Classic PCB temperature curve of reflow soldering process

The temperature profile drawing of a classic printed circuit board (PCB) involves connecting the thermocouples on the PCB assembly to a data recording curve instrument and passing the entire assembly through a reflow soldering furnace. There are two main purposes for creating temperature curves: 1) to determine the correct process settings for a given PCB assembly, and 2) to verify the continuity of the process to ensure reproducible results. By observing the actual temperature (temperature curve) that the PCB passes through in the reflow soldering furnace, the furnace settings can be verified and/or corrected to achieve the best quality of the final product.

The classic PCB temperature curve will ensure the best and continuous quality of the final PCB assembly, effectively reducing the PCB scrap rate, improving the PCB productivity and qualification rate, and improving overall profitability.

reflow process 

During the reflow process, heating inside the furnace brings the assembly to the appropriate welding temperature without damaging the product. In order to verify the reflow soldering process, people use a device that produces a temperature curve to determine the process settings. The temperature curve is a visual dataset of the time and temperature of each sensor during the heating process. By observing this curve, you can visually accurately see how much energy is applied to the product and where it is applied. The temperature curve allows operators to make appropriate changes to optimize the reflux process.

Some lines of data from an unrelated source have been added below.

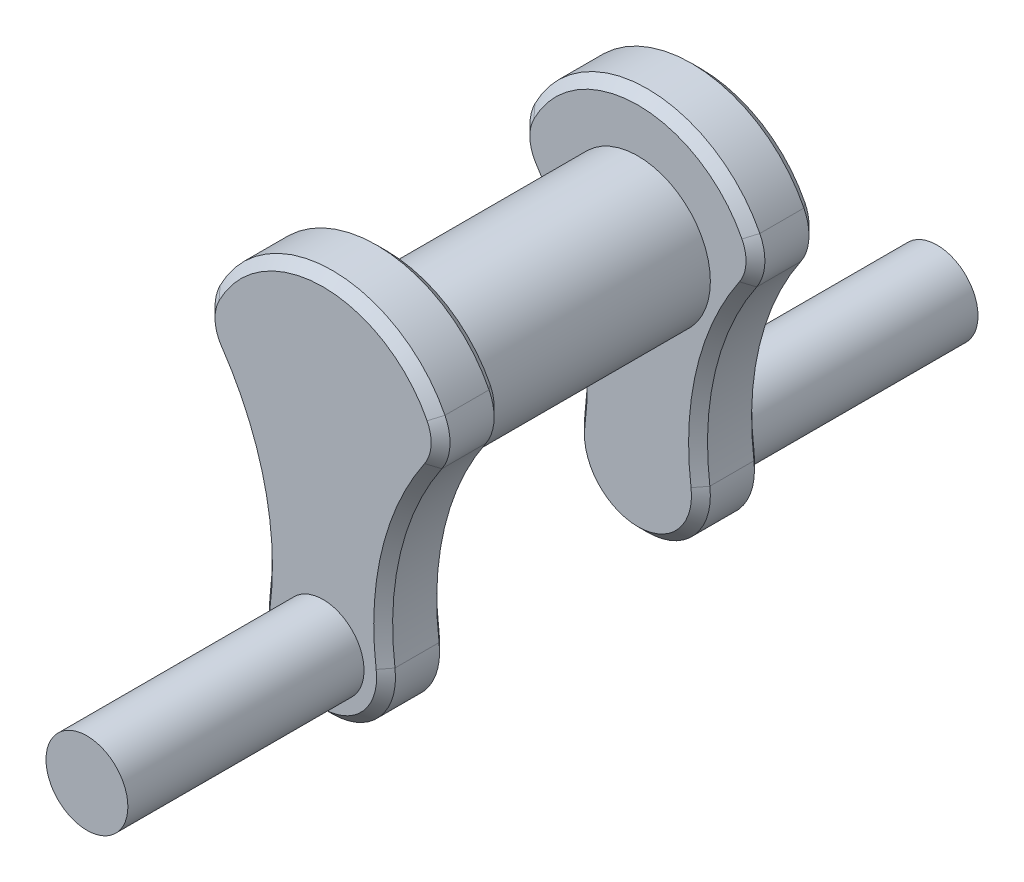
SolidWorks part; units mm, degrees
material "AISI 1020"
ref_plane "Front Plane" through (0, 0, 0) normal (0, 0, 1) x (1, 0, 0)
ref_plane "Top Plane" through (0, 0, 0) normal (0, 1, 0) x (1, 0, 0)
ref_plane "Right Plane" through (0, 0, 0) normal (1, 0, 0) x (0, 0, -1)
sketch "Sketch1" plane through (0, 0, 0) normal (0, 0, 1) x (1, 0, 0)
  circle A0 centre (0, 0) radius 23
  dimension "D1" = 46
extrude "Boss-Extrude1" add sketch "Sketch1" along normal mid plane 80
sketch "Sketch2" plane through (0, 0, 40) normal (0, 0, 1) x (1, 0, 0)
  line L0 (0, 0) -> (58.5567, 12.9817) construction
  line L1 (0, 0) -> (-58.5567, 12.9817) construction
  line L2 (0, 53.051) -> (0, -94.0928) construction
  arc A0 (39.0518, 8.6576) -> (-39.0518, 8.6576) centre (0, 0) ccw
  arc A1 (-19.8342, -59.4302) -> (19.8342, -59.4302) centre (0, -62) ccw
  arc A2 (-39.0518, 8.6576) -> (-19.8342, -59.4302) centre (-109.0882, -47.866) cw
  arc A3 (19.8342, -59.4302) -> (39.0518, 8.6576) centre (109.0882, -47.866) cw
  dimension "D1" = 80
  dimension "D2" = 40
  dimension "D5" = 90
  dimension "D3" = 62
  dimension "D4" = 155
extrude "Boss-Extrude2" add sketch "Sketch2" along normal blind 20
sketch "Sketch3" plane through (0, 0, 60) normal (0, 0, 1) x (1, 0, 0)
  circle A0 centre (0, -62) radius 13
  dimension "D1" = 26
extrude "Boss-Extrude3" add sketch "Sketch3" along normal blind 75
fillet "Fillet1" radius 15 2 edges at (-39.0518, 8.6576, 50) (39.0518, 8.6576, 50)
chamfer "Chamfer2" distance 3 angle 45 12 edges at (-37.2873, 10.2819, 40) (-21.5548, -26.9399, 40) (0, 40, 40) (0, -82, 40) (37.2873, 10.2819, 40) (21.5548, -26.9399, 40) (0, -82, 60) (21.5548, -26.9399, 60) (-21.5548, -26.9399, 60) (37.2873, 10.2819, 60) (-37.2873, 10.2819, 60) (0, 40, 60)
mirror "Mirror1" about plane through (0, 0, 0) normal (0, 0, 1) of "Chamfer2", "Boss-Extrude3", "Boss-Extrude2", "Fillet1"

A typical temperature curve includes several different stages - initial ramp, soaking, spike to reflow, reflow, and product cooling. As a general principle, the desired temperature gradient is within the range of 2-4 ° C to prevent damage to the plate and/or components due to rapid heating or cooling.

During the heating period of the product, many factors may affect the quality of assembly. The initial heating is a rapid temperature increase when the product enters the furnace. The purpose is to bring the solder paste to the desired insulation temperature for starting the soldering process. The ideal insulation temperature is just below the melting point of the solder paste material -183 ° C for eutectic solder, and the insulation time is between 30 and 90 seconds.

The insulation zone has two purposes: 1) to bring the board, components, and materials to a uniform temperature close to the melting point of the solder paste, allowing for easy transition to the reflow zone, and 2) to excite the flux on the assembly. At the insulation temperature, the activated flux begins the process of removing oxides from the solder pads and pins, leaving a clean surface where the solder can adhere. The peak temperature formed by reflow is another transition, during which the assembled temperature rises above the solder melting point, and the solder paste becomes liquid.

Once the solder paste is above the melting point and assembled into the reflux zone, it is usually called time above liquid (TAL). The reflux zone is a critical stage inside the furnace, as the temperature gradient during assembly must be minimized and TAL must be maintained within the parameters specified by the solder paste manufacturer. The peak temperature of the product is also reached during this stage - assembly reaches the highest temperature inside the furnace.

Be careful not to exceed the maximum temperature and heating rate of any temperature sensitive components on the board. For example, a typical tantalum capacitor has a maximum temperature of 230 ° C. Ideally, all points on the assembly should reach the same peak temperature simultaneously and at the same rate to ensure that all parts experience the same environment in the furnace. After the reflow zone, the product cools down, solidifies the solder joints, and is ready for assembly in the subsequent process. Controlling the cooling speed is also crucial. Cooling too quickly can damage the assembly, while cooling too slowly can increase TAL and potentially cause fragile solder joints.

Two common types of temperature curves are used in reflow soldering processes, commonly referred to as insulation type (soap) and tent type (tent) temperature curves. In the insulation curve, as mentioned earlier, the assembly experiences the same temperature over a period of time. The tent temperature curve is a continuous temperature rise, starting from assembly into the furnace and continuing until assembly reaches the desired peak temperature.

Typical insulation type temperature curve

Typical tent temperature curve

The desired temperature curve will vary based on the type of solder paste used in assembly manufacturing. Depending on the chemical composition of the solder paste, the manufacturer will recommend the optimal temperature curve to achieve the highest performance. The information on the temperature curve can be obtained by contacting the solder paste manufacturer. The most common types of formulations include water-soluble (OA), rosin moderately activated (RMA), and no clean solder paste.